We walked you through the basics of achieving your optimal panel design in the “Know your Flow” series, but you probably have more questions as you refine your panel or stumble upon some of the technical nuances of staining cells.
Check out these tips for a successful flow cytometry run.
1. How Many Cells?
Flow cytometry experiments “flow” best when you use a single cell suspension, and the ideal cellular density usually ranges from 1 X 105 to 1 X 106 cells /ml in 100 µl. How do you maintain your cells in a happy single-cell suspension state? You may need to strain cells during sample preparation. You will also typically use a solution of phosphate-buffered saline containing 1% bovine serum albumin or human serum throughout your staining protocol in order maintain cell viability and prevent cell clumping.

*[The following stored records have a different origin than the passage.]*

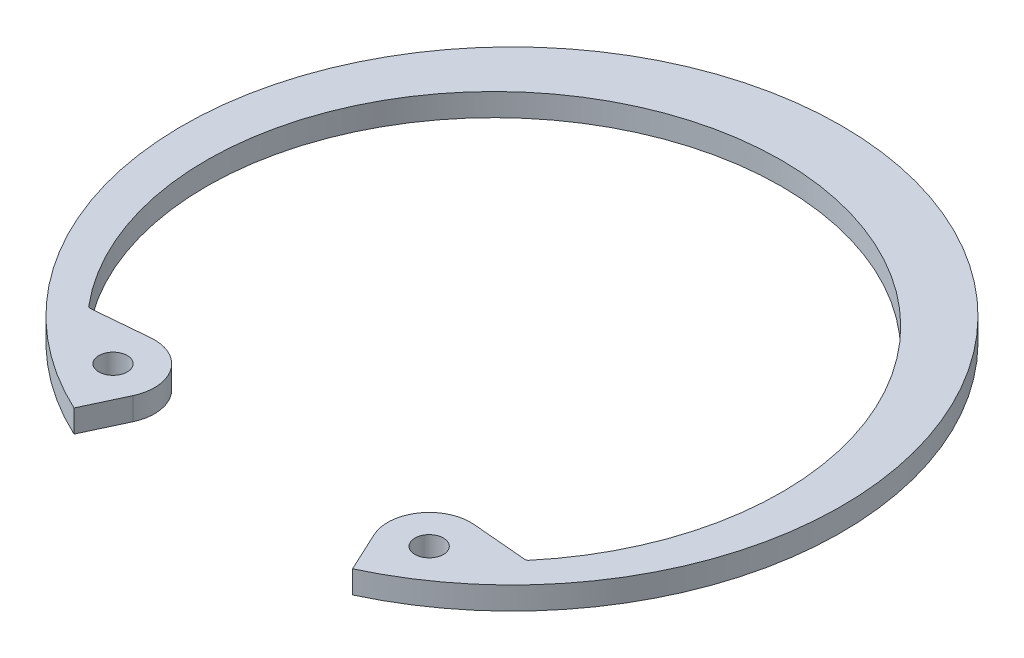
ISO-10303-21;
HEADER;
FILE_DESCRIPTION(('STEP AP214'),'2;1');
FILE_NAME('part.step','',(''),(''),'','','');
FILE_SCHEMA(('AUTOMOTIVE_DESIGN { 1 0 10303 214 1 1 1 1 }'));
ENDSEC;
DATA;
#1=APPLICATION_CONTEXT('core data for automotive mechanical design processes');
#2=APPLICATION_PROTOCOL_DEFINITION('international standard','automotive_design',2000,#1);
#3=PRODUCT_CONTEXT('',#1,'mechanical');
#4=PRODUCT('Part','Part','',(#3));
#5=PRODUCT_RELATED_PRODUCT_CATEGORY('part','',(#4));
#6=PRODUCT_DEFINITION_FORMATION('','',#4);
#7=PRODUCT_DEFINITION_CONTEXT('part definition',#1,'design');
#8=PRODUCT_DEFINITION('design','',#6,#7);
#9=PRODUCT_DEFINITION_SHAPE('','',#8);
#10=(LENGTH_UNIT() NAMED_UNIT(*) SI_UNIT(.MILLI.,.METRE.));
#11=(NAMED_UNIT(*) PLANE_ANGLE_UNIT() SI_UNIT($,.RADIAN.));
#12=(NAMED_UNIT(*) SI_UNIT($,.STERADIAN.) SOLID_ANGLE_UNIT());
#13=UNCERTAINTY_MEASURE_WITH_UNIT(LENGTH_MEASURE(1.E-05),#10,'distance_accuracy_value','');
#14=(GEOMETRIC_REPRESENTATION_CONTEXT(3) GLOBAL_UNCERTAINTY_ASSIGNED_CONTEXT((#13)) GLOBAL_UNIT_ASSIGNED_CONTEXT((#10,
#11,#12)) REPRESENTATION_CONTEXT('',''));
#15=CARTESIAN_POINT('',(0.,0.,0.));
#16=DIRECTION('',(0.,0.,1.));
#17=DIRECTION('',(1.,0.,0.));
#18=AXIS2_PLACEMENT_3D('',#15,#16,#17);
#19=CARTESIAN_POINT('',(10.9888036399848,-1.5748,16.744042909998));
#20=DIRECTION('',(0.,1.,0.));
#21=DIRECTION('',(0.,0.,1.));
#22=AXIS2_PLACEMENT_3D('',#19,#20,#21);
#23=CYLINDRICAL_SURFACE('',#22,2.8829);
#24=CARTESIAN_POINT('',(10.9888036399848,0.,16.744042909998));
#25=DIRECTION('',(0.,1.,0.));
#26=DIRECTION('',(0.,0.,-1.));
#27=AXIS2_PLACEMENT_3D('',#24,#25,#26);
#28=CIRCLE('',#27,2.8829);
#29=CARTESIAN_POINT('',(11.2400649307521,0.,13.8721132148694));
#30=VERTEX_POINT('',#29);
#31=CARTESIAN_POINT('',(8.37600892073687,0.,17.9624090967703));
#32=VERTEX_POINT('',#31);
#33=EDGE_CURVE('E156',#30,#32,#28,.T.);
#34=ORIENTED_EDGE('',*,*,#33,.F.);
#35=DIRECTION('',(0.,1.,0.));
#36=VECTOR('',#35,1.);
#37=CARTESIAN_POINT('',(11.2400649307521,-1.5748,13.8721132148694));
#38=LINE('',#37,#36);
#39=CARTESIAN_POINT('',(11.2400649307521,-1.5748,13.8721132148694));
#40=VERTEX_POINT('',#39);
#41=EDGE_CURVE('E133',#40,#30,#38,.T.);
#42=ORIENTED_EDGE('',*,*,#41,.F.);
#43=CARTESIAN_POINT('',(10.9888036399848,-1.5748,16.744042909998));
#44=DIRECTION('',(0.,1.,0.));
#45=DIRECTION('',(0.,0.,-1.));
#46=AXIS2_PLACEMENT_3D('',#43,#44,#45);
#47=CIRCLE('',#46,2.8829);
#48=CARTESIAN_POINT('',(8.37600892073687,-1.5748,17.9624090967703));
#49=VERTEX_POINT('',#48);
#50=EDGE_CURVE('E126',#40,#49,#47,.T.);
#51=ORIENTED_EDGE('',*,*,#50,.T.);
#52=DIRECTION('',(0.,1.,0.));
#53=VECTOR('',#52,1.);
#54=CARTESIAN_POINT('',(8.37600892073687,-1.5748,17.9624090967703));
#55=LINE('',#54,#53);
#56=EDGE_CURVE('E109',#49,#32,#55,.T.);
#57=ORIENTED_EDGE('',*,*,#56,.T.);
#58=EDGE_LOOP('',(#34,#42,#51,#57));
#59=FACE_BOUND('',#58,.T.);
#60=ADVANCED_FACE('F34',(#59),#23,.T.);
#61=CARTESIAN_POINT('',(15.2181746807127,-1.5748,14.2201527202529));
#62=DIRECTION('',(0.0871557427476615,0.,-0.996194698091745));
#63=DIRECTION('',(-0.996194698091745,0.,-0.0871557427476615));
#64=AXIS2_PLACEMENT_3D('',#61,#62,#63);
#65=PLANE('',#64);
#66=DIRECTION('',(-0.996194698091745,0.,-0.0871557427476615));
#67=VECTOR('',#66,1.);
#68=CARTESIAN_POINT('',(15.2181746807127,0.,14.2201527202529));
#69=LINE('',#68,#67);
#70=CARTESIAN_POINT('',(15.0871573079693,0.,14.2086901854129));
#71=VERTEX_POINT('',#70);
#72=EDGE_CURVE('E134',#71,#30,#69,.T.);
#73=ORIENTED_EDGE('',*,*,#72,.F.);
#74=DIRECTION('',(0.,-1.,0.));
#75=VECTOR('',#74,1.);
#76=CARTESIAN_POINT('',(15.0871573079693,-1.5748,14.2086901854129));
#77=LINE('',#76,#75);
#78=CARTESIAN_POINT('',(15.0871573079693,-1.5748,14.2086901854129));
#79=VERTEX_POINT('',#78);
#80=EDGE_CURVE('E49',#71,#79,#77,.T.);
#81=ORIENTED_EDGE('',*,*,#80,.T.);
#82=DIRECTION('',(-0.996194698091745,0.,-0.0871557427476615));
#83=VECTOR('',#82,1.);
#84=CARTESIAN_POINT('',(15.2181746807127,-1.5748,14.2201527202529));
#85=LINE('',#84,#83);
#86=EDGE_CURVE('E120',#79,#40,#85,.T.);
#87=ORIENTED_EDGE('',*,*,#86,.T.);
#88=ORIENTED_EDGE('',*,*,#41,.T.);
#89=EDGE_LOOP('',(#73,#81,#87,#88));
#90=FACE_BOUND('',#89,.T.);
#91=ADVANCED_FACE('F211',(#90),#65,.T.);
#92=CARTESIAN_POINT('',(0.,-1.5748,1.25014680806619));
#93=DIRECTION('',(0.,1.,0.));
#94=DIRECTION('',(0.,0.,1.));
#95=AXIS2_PLACEMENT_3D('',#92,#93,#94);
#96=CYLINDRICAL_SURFACE('',#95,19.9953468080662);
#97=CARTESIAN_POINT('',(0.,0.,1.25014680806619));
#98=DIRECTION('',(0.,-1.,0.));
#99=DIRECTION('',(0.,0.,1.));
#100=AXIS2_PLACEMENT_3D('',#97,#98,#99);
#101=CIRCLE('',#100,19.9953468080662);
#102=CARTESIAN_POINT('',(-15.3036970486786,0.,14.1191308634261));
#103=VERTEX_POINT('',#102);
#104=CARTESIAN_POINT('',(15.3036970486787,0.,14.1191308634261));
#105=VERTEX_POINT('',#104);
#106=EDGE_CURVE('E136',#103,#105,#101,.T.);
#107=ORIENTED_EDGE('',*,*,#106,.F.);
#108=DIRECTION('',(0.,1.,0.));
#109=VECTOR('',#108,1.);
#110=CARTESIAN_POINT('',(-15.3036970486786,-1.5748,14.1191308634261));
#111=LINE('',#110,#109);
#112=CARTESIAN_POINT('',(-15.3036970486786,-1.5748,14.1191308634261));
#113=VERTEX_POINT('',#112);
#114=EDGE_CURVE('E187',#103,#113,#111,.F.);
#115=ORIENTED_EDGE('',*,*,#114,.T.);
#116=CARTESIAN_POINT('',(0.,-1.5748,1.25014680806619));
#117=DIRECTION('',(0.,-1.,0.));
#118=DIRECTION('',(0.,0.,1.));
#119=AXIS2_PLACEMENT_3D('',#116,#117,#118);
#120=CIRCLE('',#119,19.9953468080662);
#121=CARTESIAN_POINT('',(15.3036970486787,-1.5748,14.1191308634261));
#122=VERTEX_POINT('',#121);
#123=EDGE_CURVE('E152',#113,#122,#120,.T.);
#124=ORIENTED_EDGE('',*,*,#123,.T.);
#125=DIRECTION('',(0.,1.,0.));
#126=VECTOR('',#125,1.);
#127=CARTESIAN_POINT('',(15.3036970486787,-1.5748,14.1191308634261));
#128=LINE('',#127,#126);
#129=EDGE_CURVE('E184',#122,#105,#128,.T.);
#130=ORIENTED_EDGE('',*,*,#129,.T.);
#131=EDGE_LOOP('',(#107,#115,#124,#130));
#132=FACE_BOUND('',#131,.T.);
#133=ADVANCED_FACE('F207',(#132),#96,.F.);
#134=CARTESIAN_POINT('',(-15.2181746807127,-1.5748,14.2201527202528));
#135=DIRECTION('',(-0.0871557427476554,0.,-0.996194698091746));
#136=DIRECTION('',(-0.996194698091746,0.,0.0871557427476554));
#137=AXIS2_PLACEMENT_3D('',#134,#135,#136);
#138=PLANE('',#137);
#139=DIRECTION('',(-0.996194698091746,0.,0.0871557427476554));
#140=VECTOR('',#139,1.);
#141=CARTESIAN_POINT('',(-15.2181746807127,-1.5748,14.2201527202528));
#142=LINE('',#141,#140);
#143=CARTESIAN_POINT('',(-11.240064930752,-1.5748,13.8721132148694));
#144=VERTEX_POINT('',#143);
#145=CARTESIAN_POINT('',(-15.0871573079692,-1.5748,14.2086901854128));
#146=VERTEX_POINT('',#145);
#147=EDGE_CURVE('E149',#144,#146,#142,.T.);
#148=ORIENTED_EDGE('',*,*,#147,.T.);
#149=DIRECTION('',(0.,-1.,0.));
#150=VECTOR('',#149,1.);
#151=CARTESIAN_POINT('',(-15.0871573079692,0.,14.2086901854128));
#152=LINE('',#151,#150);
#153=CARTESIAN_POINT('',(-15.0871573079692,0.,14.2086901854128));
#154=VERTEX_POINT('',#153);
#155=EDGE_CURVE('E174',#146,#154,#152,.F.);
#156=ORIENTED_EDGE('',*,*,#155,.T.);
#157=DIRECTION('',(-0.996194698091746,0.,0.0871557427476554));
#158=VECTOR('',#157,1.);
#159=CARTESIAN_POINT('',(-15.2181746807127,0.,14.2201527202528));
#160=LINE('',#159,#158);
#161=CARTESIAN_POINT('',(-11.240064930752,0.,13.8721132148694));
#162=VERTEX_POINT('',#161);
#163=EDGE_CURVE('E169',#162,#154,#160,.T.);
#164=ORIENTED_EDGE('',*,*,#163,.F.);
#165=DIRECTION('',(0.,1.,0.));
#166=VECTOR('',#165,1.);
#167=CARTESIAN_POINT('',(-11.240064930752,-1.5748,13.8721132148694));
#168=LINE('',#167,#166);
#169=EDGE_CURVE('E175',#144,#162,#168,.T.);
#170=ORIENTED_EDGE('',*,*,#169,.F.);
#171=EDGE_LOOP('',(#148,#156,#164,#170));
#172=FACE_BOUND('',#171,.T.);
#173=ADVANCED_FACE('F201',(#172),#138,.T.);
#174=CARTESIAN_POINT('',(-10.9888036399848,-1.5748,16.744042909998));
#175=DIRECTION('',(0.,1.,0.));
#176=DIRECTION('',(0.,0.,1.));
#177=AXIS2_PLACEMENT_3D('',#174,#175,#176);
#178=CYLINDRICAL_SURFACE('',#177,2.8829);
#179=CARTESIAN_POINT('',(-10.9888036399848,0.,16.744042909998));
#180=DIRECTION('',(0.,1.,0.));
#181=DIRECTION('',(0.,0.,1.));
#182=AXIS2_PLACEMENT_3D('',#179,#180,#181);
#183=CIRCLE('',#182,2.8829);
#184=CARTESIAN_POINT('',(-8.37600892073687,0.,17.9624090967703));
#185=VERTEX_POINT('',#184);
#186=EDGE_CURVE('E166',#185,#162,#183,.T.);
#187=ORIENTED_EDGE('',*,*,#186,.F.);
#188=DIRECTION('',(0.,1.,0.));
#189=VECTOR('',#188,1.);
#190=CARTESIAN_POINT('',(-8.37600892073687,-1.5748,17.9624090967703));
#191=LINE('',#190,#189);
#192=CARTESIAN_POINT('',(-8.37600892073687,-1.5748,17.9624090967703));
#193=VERTEX_POINT('',#192);
#194=EDGE_CURVE('E177',#193,#185,#191,.T.);
#195=ORIENTED_EDGE('',*,*,#194,.F.);
#196=CARTESIAN_POINT('',(-10.9888036399848,-1.5748,16.744042909998));
#197=DIRECTION('',(0.,1.,0.));
#198=DIRECTION('',(0.,0.,1.));
#199=AXIS2_PLACEMENT_3D('',#196,#197,#198);
#200=CIRCLE('',#199,2.8829);
#201=EDGE_CURVE('E146',#193,#144,#200,.T.);
#202=ORIENTED_EDGE('',*,*,#201,.T.);
#203=ORIENTED_EDGE('',*,*,#169,.T.);
#204=EDGE_LOOP('',(#187,#195,#202,#203));
#205=FACE_BOUND('',#204,.T.);
#206=ADVANCED_FACE('F220',(#205),#178,.T.);
#207=CARTESIAN_POINT('',(-9.68252247108869,-1.5748,20.7642364472393));
#208=DIRECTION('',(0.906307787036652,0.,0.422618261740694));
#209=DIRECTION('',(0.422618261740694,0.,-0.906307787036652));
#210=AXIS2_PLACEMENT_3D('',#207,#208,#209);
#211=PLANE('',#210);
#212=DIRECTION('',(0.422618261740694,0.,-0.906307787036653));
#213=VECTOR('',#212,1.);
#214=CARTESIAN_POINT('',(-9.68252247108869,0.,20.7642364472393));
#215=LINE('',#214,#213);
#216=CARTESIAN_POINT('',(-9.6825224710887,0.,20.7642364472393));
#217=VERTEX_POINT('',#216);
#218=EDGE_CURVE('E163',#217,#185,#215,.T.);
#219=ORIENTED_EDGE('',*,*,#218,.F.);
#220=DIRECTION('',(0.,1.,0.));
#221=VECTOR('',#220,1.);
#222=CARTESIAN_POINT('',(-9.6825224710887,-1.5748,20.7642364472393));
#223=LINE('',#222,#221);
#224=CARTESIAN_POINT('',(-9.6825224710887,-1.5748,20.7642364472393));
#225=VERTEX_POINT('',#224);
#226=EDGE_CURVE('E179',#225,#217,#223,.T.);
#227=ORIENTED_EDGE('',*,*,#226,.F.);
#228=DIRECTION('',(0.422618261740694,0.,-0.906307787036653));
#229=VECTOR('',#228,1.);
#230=CARTESIAN_POINT('',(-9.68252247108869,-1.5748,20.7642364472393));
#231=LINE('',#230,#229);
#232=EDGE_CURVE('E143',#225,#193,#231,.T.);
#233=ORIENTED_EDGE('',*,*,#232,.T.);
#234=ORIENTED_EDGE('',*,*,#194,.T.);
#235=EDGE_LOOP('',(#219,#227,#233,#234));
#236=FACE_BOUND('',#235,.T.);
#237=ADVANCED_FACE('F217',(#236),#211,.T.);
#238=CARTESIAN_POINT('',(0.,-1.5748,0.));
#239=DIRECTION('',(0.,1.,0.));
#240=DIRECTION('',(0.,0.,1.));
#241=AXIS2_PLACEMENT_3D('',#238,#239,#240);
#242=CYLINDRICAL_SURFACE('',#241,22.9108);
#243=CARTESIAN_POINT('',(0.,0.,0.));
#244=DIRECTION('',(0.,1.,0.));
#245=DIRECTION('',(0.,0.,1.));
#246=AXIS2_PLACEMENT_3D('',#243,#244,#245);
#247=CIRCLE('',#246,22.9108);
#248=CARTESIAN_POINT('',(9.68252247108869,0.,20.7642364472393));
#249=VERTEX_POINT('',#248);
#250=EDGE_CURVE('E160',#249,#217,#247,.T.);
#251=ORIENTED_EDGE('',*,*,#250,.F.);
#252=DIRECTION('',(0.,1.,0.));
#253=VECTOR('',#252,1.);
#254=CARTESIAN_POINT('',(9.68252247108869,-1.5748,20.7642364472393));
#255=LINE('',#254,#253);
#256=CARTESIAN_POINT('',(9.68252247108869,-1.5748,20.7642364472393));
#257=VERTEX_POINT('',#256);
#258=EDGE_CURVE('E119',#257,#249,#255,.T.);
#259=ORIENTED_EDGE('',*,*,#258,.F.);
#260=CARTESIAN_POINT('',(0.,-1.5748,0.));
#261=DIRECTION('',(0.,1.,0.));
#262=DIRECTION('',(0.,0.,1.));
#263=AXIS2_PLACEMENT_3D('',#260,#261,#262);
#264=CIRCLE('',#263,22.9108);
#265=EDGE_CURVE('E129',#257,#225,#264,.T.);
#266=ORIENTED_EDGE('',*,*,#265,.T.);
#267=ORIENTED_EDGE('',*,*,#226,.T.);
#268=EDGE_LOOP('',(#251,#259,#266,#267));
#269=FACE_BOUND('',#268,.T.);
#270=ADVANCED_FACE('F215',(#269),#242,.T.);
#271=CARTESIAN_POINT('',(9.68252247108869,-1.5748,20.7642364472393));
#272=DIRECTION('',(-0.906307787036652,0.,0.422618261740694));
#273=DIRECTION('',(0.422618261740694,0.,0.906307787036652));
#274=AXIS2_PLACEMENT_3D('',#271,#272,#273);
#275=PLANE('',#274);
#276=DIRECTION('',(0.422618261740694,0.,0.906307787036653));
#277=VECTOR('',#276,1.);
#278=CARTESIAN_POINT('',(9.68252247108869,0.,20.7642364472393));
#279=LINE('',#278,#277);
#280=EDGE_CURVE('E114',#32,#249,#279,.T.);
#281=ORIENTED_EDGE('',*,*,#280,.F.);
#282=ORIENTED_EDGE('',*,*,#56,.F.);
#283=DIRECTION('',(0.422618261740694,0.,0.906307787036653));
#284=VECTOR('',#283,1.);
#285=CARTESIAN_POINT('',(9.68252247108869,-1.5748,20.7642364472393));
#286=LINE('',#285,#284);
#287=EDGE_CURVE('E112',#49,#257,#286,.T.);
#288=ORIENTED_EDGE('',*,*,#287,.T.);
#289=ORIENTED_EDGE('',*,*,#258,.T.);
#290=EDGE_LOOP('',(#281,#282,#288,#289));
#291=FACE_BOUND('',#290,.T.);
#292=ADVANCED_FACE('F111',(#291),#275,.T.);
#293=CARTESIAN_POINT('',(10.9888036399848,-1.5748,16.744042909998));
#294=DIRECTION('',(0.,-1.,0.));
#295=DIRECTION('',(0.,0.,-1.));
#296=AXIS2_PLACEMENT_3D('',#293,#294,#295);
#297=PLANE('',#296);
#298=CARTESIAN_POINT('',(-10.9888036399848,-1.5748,16.744042909998));
#299=DIRECTION('',(0.,1.,0.));
#300=DIRECTION('',(0.,0.,1.));
#301=AXIS2_PLACEMENT_3D('',#298,#299,#300);
#302=CIRCLE('',#301,0.990599999999999);
#303=CARTESIAN_POINT('',(-10.9888036399848,-1.5748,17.734642909998));
#304=VERTEX_POINT('',#303);
#305=EDGE_CURVE('E359',#304,#304,#302,.T.);
#306=ORIENTED_EDGE('',*,*,#305,.T.);
#307=EDGE_LOOP('',(#306));
#308=FACE_BOUND('',#307,.T.);
#309=CARTESIAN_POINT('',(10.9888036399848,-1.5748,16.7440429099981));
#310=DIRECTION('',(0.,1.,0.));
#311=DIRECTION('',(0.,0.,1.));
#312=AXIS2_PLACEMENT_3D('',#309,#310,#311);
#313=CIRCLE('',#312,0.990599999999999);
#314=CARTESIAN_POINT('',(10.9888036399848,-1.5748,17.734642909998));
#315=VERTEX_POINT('',#314);
#316=EDGE_CURVE('E158',#315,#315,#313,.T.);
#317=ORIENTED_EDGE('',*,*,#316,.T.);
#318=EDGE_LOOP('',(#317));
#319=FACE_BOUND('',#318,.T.);
#320=ORIENTED_EDGE('',*,*,#50,.F.);
#321=ORIENTED_EDGE('',*,*,#86,.F.);
#322=CARTESIAN_POINT('',(15.1092948666272,-1.5748,13.9556567320976));
#323=DIRECTION('',(0.,-1.,0.));
#324=DIRECTION('',(0.,0.,-1.));
#325=AXIS2_PLACEMENT_3D('',#322,#323,#324);
#326=CIRCLE('',#325,0.254);
#327=EDGE_CURVE('E11',#79,#122,#326,.F.);
#328=ORIENTED_EDGE('',*,*,#327,.T.);
#329=ORIENTED_EDGE('',*,*,#123,.F.);
#330=CARTESIAN_POINT('',(-15.1092948666271,-1.5748,13.9556567320975));
#331=DIRECTION('',(0.,-1.,0.));
#332=DIRECTION('',(0.,0.,-1.));
#333=AXIS2_PLACEMENT_3D('',#330,#331,#332);
#334=CIRCLE('',#333,0.254);
#335=EDGE_CURVE('E192',#113,#146,#334,.F.);
#336=ORIENTED_EDGE('',*,*,#335,.T.);
#337=ORIENTED_EDGE('',*,*,#147,.F.);
#338=ORIENTED_EDGE('',*,*,#201,.F.);
#339=ORIENTED_EDGE('',*,*,#232,.F.);
#340=ORIENTED_EDGE('',*,*,#265,.F.);
#341=ORIENTED_EDGE('',*,*,#287,.F.);
#342=EDGE_LOOP('',(#320,#321,#328,#329,#336,#337,#338,#339,#340,#341));
#343=FACE_BOUND('',#342,.T.);
#344=ADVANCED_FACE('F125',(#308,#319,#343),#297,.T.);
#345=CARTESIAN_POINT('',(10.9888036399848,0.,16.744042909998));
#346=DIRECTION('',(0.,-1.,0.));
#347=DIRECTION('',(0.,0.,-1.));
#348=AXIS2_PLACEMENT_3D('',#345,#346,#347);
#349=PLANE('',#348);
#350=CARTESIAN_POINT('',(-10.9888036399848,0.,16.744042909998));
#351=DIRECTION('',(0.,1.,0.));
#352=DIRECTION('',(0.,0.,1.));
#353=AXIS2_PLACEMENT_3D('',#350,#351,#352);
#354=CIRCLE('',#353,0.990599999999999);
#355=CARTESIAN_POINT('',(-10.9888036399848,0.,17.734642909998));
#356=VERTEX_POINT('',#355);
#357=EDGE_CURVE('E355',#356,#356,#354,.T.);
#358=ORIENTED_EDGE('',*,*,#357,.F.);
#359=EDGE_LOOP('',(#358));
#360=FACE_BOUND('',#359,.T.);
#361=CARTESIAN_POINT('',(10.9888036399848,0.,16.7440429099981));
#362=DIRECTION('',(0.,1.,0.));
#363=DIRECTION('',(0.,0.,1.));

2. Fresh vs. Frozen Cells.
Many flow cytometry assays are done with cells isolated from fresh whole blood or tissue. In ideal circumstances, you can process, stain and run your your samples on a flow cytometer soon after collection. What if you are shipping your samples back to the lab from distant locations or you are collecting samples over several weeks or months and want to run them together? You may need to consider cryopreservation (freezing your cells to preserve viability) and will need to optimize your flow cytometry panel for cells that have been previously frozen and thawed. Take the time to work out ideal cryopreservation protocols, and find out if freezing will destroy your cells of interest.
3. Dead or Alive?
You’ll want to include a viability dye that discriminates between dead and live cells so you will only analyze live cells. Adding a viability dye may alter your staining panel because live/dead dyes use one of the channels on the cytometer that may have been reserved for a fluorescent antibody.
4. To Fix or Not Fix?
If you are staining for biomarkers on the cell surface, then you may be able to fix your cells with a cellular fixative like paraformaldehyde and run samples at a later time. If you are staining intracellular biomarkers, you need to perform a fixation/permeabilization step after you stain your surface markers so fluorescent antibodies can stain their intracellular targets. In either case, fixation alters cells and may change the way fluorescently conjugated antibodies stain their targets. Keep this in mind as you optimize your panel and set the appropriate gating parameters on the flow cytometer.